You are wondering why I work with super symmetric algebras. As I
already explained 2-D conformal symmetry is naturally associated with
3-D lightlike 3-surfaces which by General Coordinate Invariance can
be chosen as causal determinants and are metrically 2-D. The reason
is that the basic dynamical principle assigns a space-time X^4(X^3)
to a given 3-surface X^3 for Diff^4 to act on, and X^4(X^3) is
analogous to Bohr orbit. All diffeomorphs of X^3 along X^4(X^3) are
gauge equivalent. The uniques of dimension two for conformal symmetry
means that space-time dimension 4 is unique and gives maximally rich
conformal invariance since the basic objects are effectively 2-D
rather than 1-D as in string models.
Super algebras emerge naturally in infinite-D geomery.
a) Quantum states of the Universe correspond to the modes of classical
spinor fields in infinite-D configuration space of 3-surfaces: the
"world of classical worlds". This space has Kahler metric and spinor
structure and decomposes into union of infinite-dimensional symmetric
spaces having constant curvature, which must vanish unless it is
infinite so that Einstein equations are satisfied. The spaces in the
union are labelled by zero modes having interpretation as non-quantum
fluctuating classical observables characterizing size and shape of
3-surface and allow to understand quantum measurement theory
geometrically. This is nothing but cosmological principle in
infinite-D context: all 3-surfaces with same zero modes are
metrically equivalent.
Cartan gave the list of finite-D symmetric spaces and a TOE inspired
guess is that there is only a single item in the corresponding list in
the infinite-D context(;-). As found by Dan Freed, already loop spaces
Kahler geometries are unique and allow an infinite-dimensional
isometry group (local gauge group itself). The problem is that
curvature scalar is infinite for them. In higher dimensions
consistency conditions are certainly stronger.
b) Infinite-D spinor structure requires complexified \gamma matrices
and these are expressible in terms of fermionic oscillator operators
for the second quantized free induced spinor fields at space-time
surfaces. By effective 2-dimensionality everything reduces to these
2-D boundary surfaces, partons, macroscopic boundaries, blackhole
horizons, etc...
c) These \gamma matrices generate super algebra: now they however
carry fermion number rather than being Majorana like. They correspond
to super counterparts for Hamiltonians of $\delta M^{4_}+CP_2
allowing degenerate symplectic structure. There is also Super
Kac-Moody
algebra associated with isometries and holonomies of the imbedding
space. These two super algebras define two different tangent space
basis for the configuration space, and general coordinate invariance
in infinite-D context encourages to think that corresponding Virasoro
algebras have the same central extension.
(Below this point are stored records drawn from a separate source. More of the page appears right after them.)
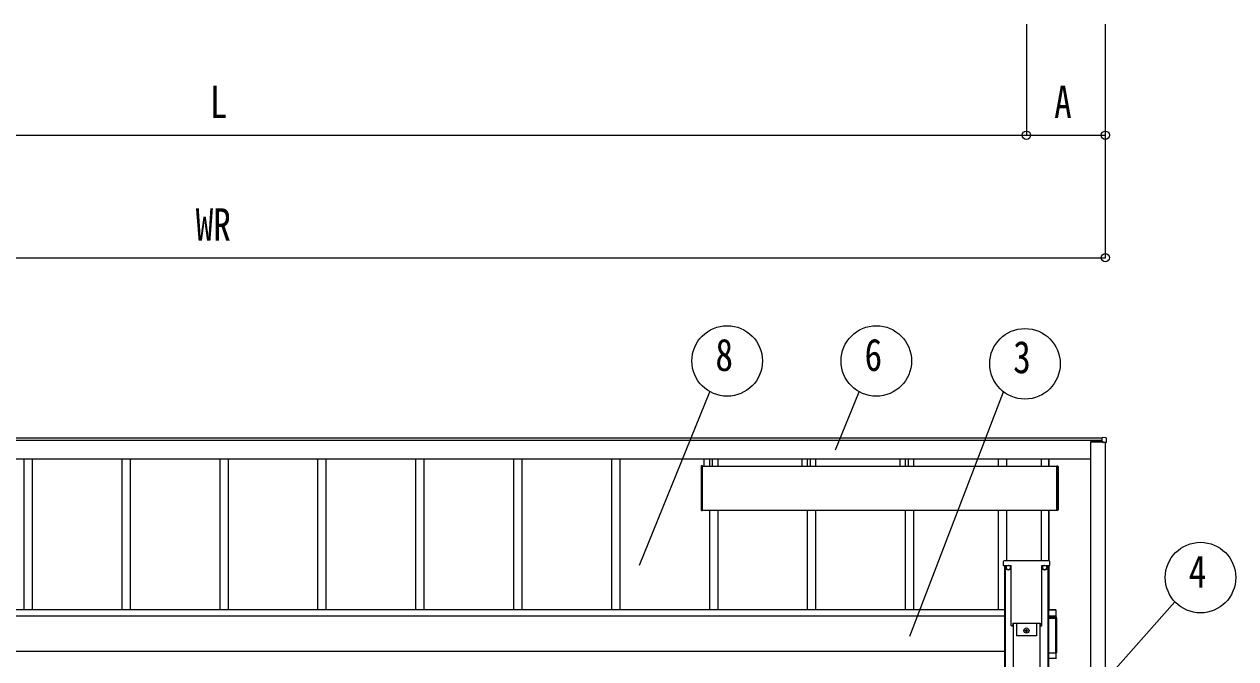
# Model space of a CAD drawing. Units: millimetres, scale not verified. Extents: x -8410 to 8410, y -5940 to 5940.
# Drawn here: x -5469 to -2994, y 1517 to 2812 of the extents above; entities that cross this region are included whole.
import ezdxf
from ezdxf.enums import TextEntityAlignment as Align

# ---------------------------------------------------------------- set-up
doc = ezdxf.new("R2010")
doc.units = ezdxf.units.MM
doc.header["$LTSCALE"] = 30
doc.layers.add('0-5_YKK_A1', color=4, linetype='Continuous')
doc.layers.add('0-6_YKK_D', color=6, linetype='Continuous')
doc.styles.add('ＭＳ ゴシック', font='')
doc.styles.get('ＭＳ ゴシック').set_extended_font_data('MS Gothic')

msp = doc.modelspace()

# ---------------------------------------------------------------- linework, layer by layer
at = {"layer": '0-5_YKK_A1'}
for p, q in [((-3267.46, 1967.52), (-6864.46, 1967.52)), ((-3267.46, 1967.52), (-6864.46, 1967.52)), ((-3267.46, 1962.52), (-6864.46, 1962.52)), ((-3290.96, 1960.02), (-3290.96, 1959.99)), ((-3266.26, 1960.02), (-3290.96, 1960.02)), ((-3290.96, 1959.99), (-3290.96, 353.03)), ((-3290.46, 1959.96), (-3265.96, 1959.96)), ((-3259.93, 1968.61), (-3267.46, 1969.1)), ((-3267.46, 1966.9), (-3267.46, 1969.1)), ((-3259.93, 1968.61), (-3267.46, 1969.1)), ((-3267.46, 1966.38), (-3267.46, 1966.9)), ((-3267.46, 1960.68), (-3267.46, 1966.38)), ((-3267.46, 1960.68), (-3266.24, 1960.69)), ((-3267.46, 1960.4), (-3267.46, 1960.68)), ((-3267.46, 1960.4), (-3266.26, 1960.4)), ((-3266.46, 1960.4), (-3266.46, 1960.22)), ((-3266.46, 1960.22), (-3266.46, 1960.02)), ((-3265.96, 1960.24), (-3265.96, 1960.1)), ((-3265.96, 1958.91), (-3265.96, 1960.1)), ((-3265.64, 1960.09), (-3265.64, 1958.89)), ((-3259.93, 1958.91), (-3265.64, 1958.89)), ((-3260.96, 1958.91), (-3260.96, 353.97)), ((-3259.93, 1968.61), (-3259.93, 1968.61)), ((-3259.46, 1968.12), (-3259.46, 1965.97)), ((-3259.46, 1965.97), (-3259.46, 1958.94)), ((-6840.96, 1925.6), (-3290.96, 1925.6)), ((-5468.96, 1617.1), (-5468.96, 1925.6)), ((-5451.96, 1617.1), (-5451.96, 1925.6)), ((-5268.96, 1617.1), (-5268.96, 1925.6)), ((-5251.96, 1617.1), (-5251.96, 1925.6)), ((-5068.96, 1617.1), (-5068.96, 1925.6)), ((-5051.96, 1617.1), (-5051.96, 1925.6)), ((-4868.96, 1617.1), (-4868.96, 1925.6)), ((-4851.96, 1617.1), (-4851.96, 1925.6)), ((-4668.96, 1617.1), (-4668.96, 1925.6)), ((-4651.96, 1617.1), (-4651.96, 1925.6)), ((-4468.96, 1617.1), (-4468.96, 1925.6)), ((-4451.96, 1617.1), (-4451.96, 1925.6)), ((-4268.96, 1617.1), (-4268.96, 1925.6)), ((-4251.96, 1617.1), (-4251.96, 1925.6)), ((-4086.47, 1910), (-4086.47, 1821.19)), ((-4083.97, 1911.1), (-4085.53, 1911)), ((-4083.97, 1910.1), (-4083.97, 1911.1)), ((-4079.96, 1910.6), (-4079.96, 1925.6)), ((-4068.96, 1910.6), (-4068.96, 1925.6)), ((-4062.96, 1910.6), (-4062.96, 1925.6)), ((-4051.96, 1910.6), (-4051.96, 1925.6)), ((-3879.96, 1910.6), (-3879.96, 1925.6)), ((-3868.96, 1910.6), (-3868.96, 1925.6)), ((-3862.96, 1910.6), (-3862.96, 1925.6)), ((-3851.96, 1910.6), (-3851.96, 1925.6)), ((-3679.96, 1910.6), (-3679.96, 1925.6)), ((-3668.96, 1910.6), (-3668.96, 1925.6)), ((-3662.96, 1910.6), (-3662.96, 1925.6)), ((-3651.96, 1910.6), (-3651.96, 1925.6)), ((-3479.96, 1925.6), (-3479.96, 1910.6)), ((-3479.96, 1925.6), (-3479.96, 1910.6)), ((-3462.66, 1925.6), (-3462.66, 1910.6)), ((-3391.96, 1925.6), (-3391.96, 1910.6)), ((-3391.96, 1925.6), (-3391.96, 1910.6)), ((-3391.66, 1925.6), (-3391.66, 1910.6)), ((-3391.66, 1925.6), (-3391.66, 1910.6)), ((-3376.96, 1925.6), (-3376.96, 1910.6)), ((-3376.96, 1925.6), (-3376.96, 1910.6)), ((-3375.96, 1925.6), (-3375.96, 1910.6)), ((-3375.96, 1925.6), (-3375.96, 1910.6)), ((-3359.97, 1911.1), (-3358.41, 1911)), ((-3359.97, 1910.1), (-3359.97, 1911.1)), ((-3357.47, 1910), (-3357.47, 1821.19)), ((-4083.97, 1820.6), (-3359.97, 1820.6)), ((-4068.96, 1617.1), (-4068.96, 1820.6)), ((-4051.96, 1617.1), (-4051.96, 1820.6)), ((-3868.96, 1617.1), (-3868.96, 1820.6)), ((-3851.96, 1617.1), (-3851.96, 1820.6)), ((-3668.96, 1617.1), (-3668.96, 1820.6)), ((-3651.96, 1617.1), (-3651.96, 1820.6)), ((-3479.96, 1820.6), (-3479.96, 1617.1)), ((-3462.66, 1820.6), (-3462.66, 1717.39)), ((-3391.96, 1820.6), (-3391.96, 1717.39)), ((-3391.66, 1820.6), (-3391.66, 1717.39)), ((-3376.96, 1820.6), (-3376.96, 1717.39)), ((-3375.96, 1820.6), (-3375.96, 1717.3)), ((-3469.33, 1707.89), (-3454.32, 1707.89)), ((-3453.79, 1717.39), (-3467.37, 1717.39)), ((-3463.46, 1707.89), (-3463.46, 1703.89)), ((-3454.46, 1707.89), (-3454.46, 1703.89)), ((-3454.32, 1707.89), (-3453.32, 1707.89)), ((-3452.3, 1717.39), (-3453.79, 1717.39)), ((-3453.22, 1707.89), (-3453.32, 1707.89)), ((-3453.21, 1584.53), (-3453.21, 1707.74)), ((-3451.92, 1717.39), (-3452.3, 1717.39)), ((-3392, 1717.39), (-3451.92, 1717.39)), ((-3391.62, 1717.39), (-3392, 1717.39)), ((-3390.13, 1717.39), (-3391.62, 1717.39)), ((-3390.71, 1584.53), (-3390.71, 1707.74)), ((-3390.7, 1707.89), (-3390.6, 1707.89)), ((-3390.6, 1707.89), (-3389.6, 1707.89)), ((-3376.55, 1717.39), (-3390.13, 1717.39)), ((-3389.6, 1707.89), (-3374.59, 1707.89)), ((-3389.46, 1707.89), (-3389.46, 1703.89)), ((-3380.46, 1707.89), (-3380.46, 1703.89)), ((-3378.16, 1707.49), (-3378.16, 360.39)), ((-3376.96, 1707.49), (-3376.96, 360.39)), ((-3375.96, 1707.49), (-3375.96, 1617.1)), ((-3374.59, 1707.89), (-3374.09, 1707.89)), ((-3374.09, 1707.89), (-3374.56, 1715.51)), ((-3466.96, 1617.1), (-6664.96, 1617.1)), ((-3466.96, 1617.1), (-6664.96, 1617.1)), ((-3361.96, 1617.1), (-3376.96, 1617.1)), ((-3361.96, 1617.1), (-3376.96, 1617.1)), ((-3361.96, 1617.04), (-3376.96, 1617.04)), ((-3361.96, 1616.52), (-3376.96, 1616.52)), ((-3361.96, 1617.1), (-3361.96, 1617.04)), ((-3361.96, 1617.1), (-3361.96, 1617.1)), ((-3361.96, 1617.04), (-3361.96, 1616.52)), ((-3361.96, 1616.52), (-3361.96, 1604.03)), ((-3466.96, 1604.1), (-6664.96, 1604.1)), ((-3452.85, 1584.39), (-3453.2, 1584.39)), ((-3452.85, 1584.39), (-3452.35, 1584.39)), ((-3452.35, 1584.39), (-3450.31, 1584.39)), ((-3450, 1589.72), (-3450.31, 1584.39)), ((-3449.46, 1589.72), (-3449.46, 358.74)), ((-3442.46, 1589.72), (-3442.46, 1563.89)), ((-3401.46, 1589.72), (-3401.46, 1563.89)), ((-3394.46, 1589.72), (-3394.46, 358.74)), ((-3393.61, 1584.39), (-3391.57, 1584.39)), ((-3391.57, 1584.39), (-3391.07, 1584.39)), ((-3391.07, 1584.39), (-3390.72, 1584.39)), ((-3361.96, 1604.03), (-3376.96, 1604.03)), ((-3361.96, 1601.93), (-3376.96, 1601.93)), ((-3376.96, 1600.07), (-3376.96, 1600.07)), ((-3376.46, 1600.55), (-3362.26, 1600.55)), ((-3376.46, 1600.47), (-3376.46, 1600.55)), ((-3376.46, 1600.47), (-3361.96, 1600.47)), ((-3361.96, 1604.03), (-3361.96, 1602.5)), ((-3361.96, 1600.56), (-3361.96, 1602.5)), ((-3361.96, 1529.57), (-3361.96, 1600.47)), ((-3360.46, 1600.55), (-3360.46, 1602.67)), ((-3360.46, 1600.55), (-3360.46, 1529.65)), ((-3401.46, 1563.89), (-3442.46, 1563.89)), ((-3421.48, 1573.45), (-3421.48, 1572.49)), ((-3466.96, 1532.34), (-6664.96, 1532.34)), ((-3361.96, 1517.65), (-3376.96, 1517.65)), ((-3376.46, 1529.57), (-3361.96, 1529.57)), ((-3361.96, 1529.57), (-3361.96, 1517.65)), ((-3361.96, 1517.65), (-3361.96, 1517.18))]:
    msp.add_line(p, q, dxfattribs=at)
for points in [[(-4085.53, 1820.19), (-4083.97, 1820.1), (-4083.97, 1821.1), (-4083.97, 1910.1)], [(-4083.97, 1910.6), (-3359.97, 1910.6), (-3359.97, 1820.6)], [(-3358.41, 1820.19), (-3359.97, 1820.1), (-3359.97, 1821.1), (-3359.97, 1910.1)], [(-3469.36, 1715.51), (-3469.83, 1707.89), (-3469.33, 1707.89)], [(-3466.96, 1707.49), (-3466.96, 1565.83), (-3466.96, 743.52), (-3466.96, 360.39)], [(-3465.76, 1707.49), (-3465.76, 743.52), (-3465.76, 360.39)], [(-3450, 1589.72), (-3393.92, 1589.72), (-3393.61, 1584.39)], [(-3423.4, 1574.41), (-3424.36, 1574.41), (-3424.36, 1575.37), (-3423.4, 1575.37)], [(-3422.44, 1576.33), (-3422.44, 1577.29), (-3421.48, 1577.29), (-3421.48, 1576.33)], [(-3421.48, 1572.49), (-3422.44, 1572.49), (-3422.44, 1573.45)], [(-3420.52, 1575.37), (-3419.56, 1575.37), (-3419.56, 1574.41), (-3420.52, 1574.41)]]:
    msp.add_lwpolyline(points, dxfattribs=at)
for centre, radius in [((-3458.96, 1703.39), 5), ((-3384.96, 1703.39), 5), ((-3421.96, 1574.89), 5.3)]:
    msp.add_circle(centre, radius, dxfattribs=at)
for centre, radius, start, end in [((-3290.59, 1962.37), 2.41, 261.04481, 272.9634), ((-3267.36, 1960.61), 1.12, 349.19192, 3.8225), ((-3266.19, 1961.47), 1.45, 267.0366, 278.95519), ((-3265.72, 1961.65), 1.56, 261.33535, 273.02754), ((-3265.72, 1960.45), 1.56, 261.33535, 273.02754), ((-3259.96, 1968.12), 0.5, 0, 86.3221), ((-3259.96, 1968.12), 0.5, 0.03611, 86.54232), ((-3259.82, 1961.12), 2.22, 267.09557, 279.27313), ((-4085.47, 1910), 1, 93.5, 180), ((-3358.47, 1910), 1, 0, 86.5), ((-4085.47, 1821.19), 1, 180, 266.5), ((-3358.47, 1821.19), 1, 273.5, 0), ((-3467.37, 1715.39), 2, 90, 176.5), ((-3376.55, 1715.39), 2, 3.5, 90), ((-3458.96, 1703.89), 4.5, 180, 270), ((-3458.96, 1703.89), 4.5, 270, 0), ((-3384.96, 1703.89), 4.5, 180, 270), ((-3384.96, 1703.89), 4.5, 270, 0), ((-3376.46, 1600.05), 0.5, 89.96074, 179.96069), ((-3376.46, 1599.97), 0.5, 89.96074, 179.96069), ((-3362.19, 1601.99), 1.45, 267.0366, 278.95519), ((-3361.59, 1595.52), 7.23, 81.04481, 92.9634), ((-3361.59, 1607.69), 7.23, 267.0366, 278.95519), ((-3423.4, 1576.33), 0.96, 270, 0), ((-3423.4, 1573.45), 0.96, 0, 90), ((-3420.52, 1576.33), 0.96, 180, 270), ((-3420.52, 1573.45), 0.96, 90, 180), ((-3376.46, 1530.07), 0.5, 180.03931, 270.03926), ((-3361.59, 1536.79), 7.23, 267.0366, 278.95519)]:
    msp.add_arc(centre, radius, start, end, dxfattribs=at)
for centre, major_axis, ratio, start_param, end_param in [((-3266.26, 1960.1), (-0.234, -0.189), 0.99347, 2.4632387, 4.034035), ((-3266.24, 1960.09), (-0.501, -0.331), 0.996522, 2.5592572, 4.1300536), ((-3453.25, 1707.39), (0.031, 0.5), 0.061627, 5.5016142, 6.2870124), ((-3390.67, 1707.39), (-0.031, 0.5), 0.061627, 6.2793582, 7.0647564), ((-3453.17, 1584.89), (0.031, 0.5), 0.061627, 2.3600215, 3.1454197), ((-3390.75, 1584.89), (-0.031, 0.5), 0.061627, 3.1377656, 3.9231638)]:
    msp.add_ellipse(centre, major_axis=major_axis, ratio=ratio, start_param=start_param, end_param=end_param, dxfattribs=at)
at = {"layer": '0-6_YKK_D'}
for p, q in [((-3421.96, 2812.41), (-3421.96, 2584.96)), ((-3421.96, 2812.41), (-3421.96, 2584.96)), ((-3260.96, 2812.41), (-3260.96, 2584.96)), ((-3260.96, 2812.41), (-3260.96, 2334.96)), ((-6709.96, 2585.96), (-3421.96, 2585.96)), ((-3421.96, 2585.96), (-3260.96, 2585.96)), ((-6870.96, 2335.96), (-3260.96, 2335.96)), ((-4212.22, 1708.46), (-4068.34, 2062.31)), ((-3812.06, 1943.68), (-3763.82, 2062.31)), ((-3659.85, 1563.63), (-3468.97, 2062.32)), ((-3260.92, 1473.04), (-3118.82, 1633.65))]:
    msp.add_line(p, q, dxfattribs=at)
for centre, radius in [((-3421.96, 2585.96), 8.5), ((-3421.96, 2585.96), 8.5), ((-3260.96, 2585.96), 8.5), ((-3260.96, 2335.96), 8.5), ((-4033.23, 2125.17), 72), ((-3728.71, 2125.17), 72), ((-3425.05, 2119.37), 72), ((-3066.48, 1683.09), 72)]:
    msp.add_circle(centre, radius, dxfattribs=at)

# ---------------------------------------------------------------- texts
at = {"layer": '0-6_YKK_D', "style": 'ＭＳ ゴシック', "width": 0.8}
for s, p in [('L', (-5089.96, 2600.96)), ('A', (-3365.46, 2600.96)), ('WR', (-5118.76, 2350.96)), ('8', (-4057.23, 2084.97)), ('6', (-3752.71, 2084.97)), ('3', (-3449.05, 2080.37)), ('4', (-3090.48, 1642.89))]:
    msp.add_text(s, height=65.98, dxfattribs=at).set_placement(p, align=Align.BOTTOM_LEFT)

doc.saveas('drawing.dxf')

If so, then the analog of
coset construction gives Virasoro algebra with a vanishing central
extension: in string models this requires critical dimension. In TGD
this requires D=4 for space-time and there are good arguments that
M^{4xCP_2} is also mathematically the only option that works.
Virasoro generators are *differences* of super Kac-Moody and
super-canonical generators. Physical states are constructed by first
creating ground state using super-canonical algebras: its conformal
weight is negative and has arbitrarily large magnitude. Then Super
Kac-Moody algebra is applied to increase the conformal weight so that
it becomes non-negative. Although no sparticles are predicted,
infinite number of massless modes results. Higgs mechanism massivates
them but it requires a lot of thought to show that no light exotics
are predicted. One must however remember that the 2-surfaces can have
arbitrary size so that elementary particles correspond to a very
restricted special case.
I have started just now to disetangle the structure of particle states
(see the chapter "Massless states and particle Massivation" of TGD at
http://www.physics.helsinki.fi/~matpitka/tgd.html#mless .)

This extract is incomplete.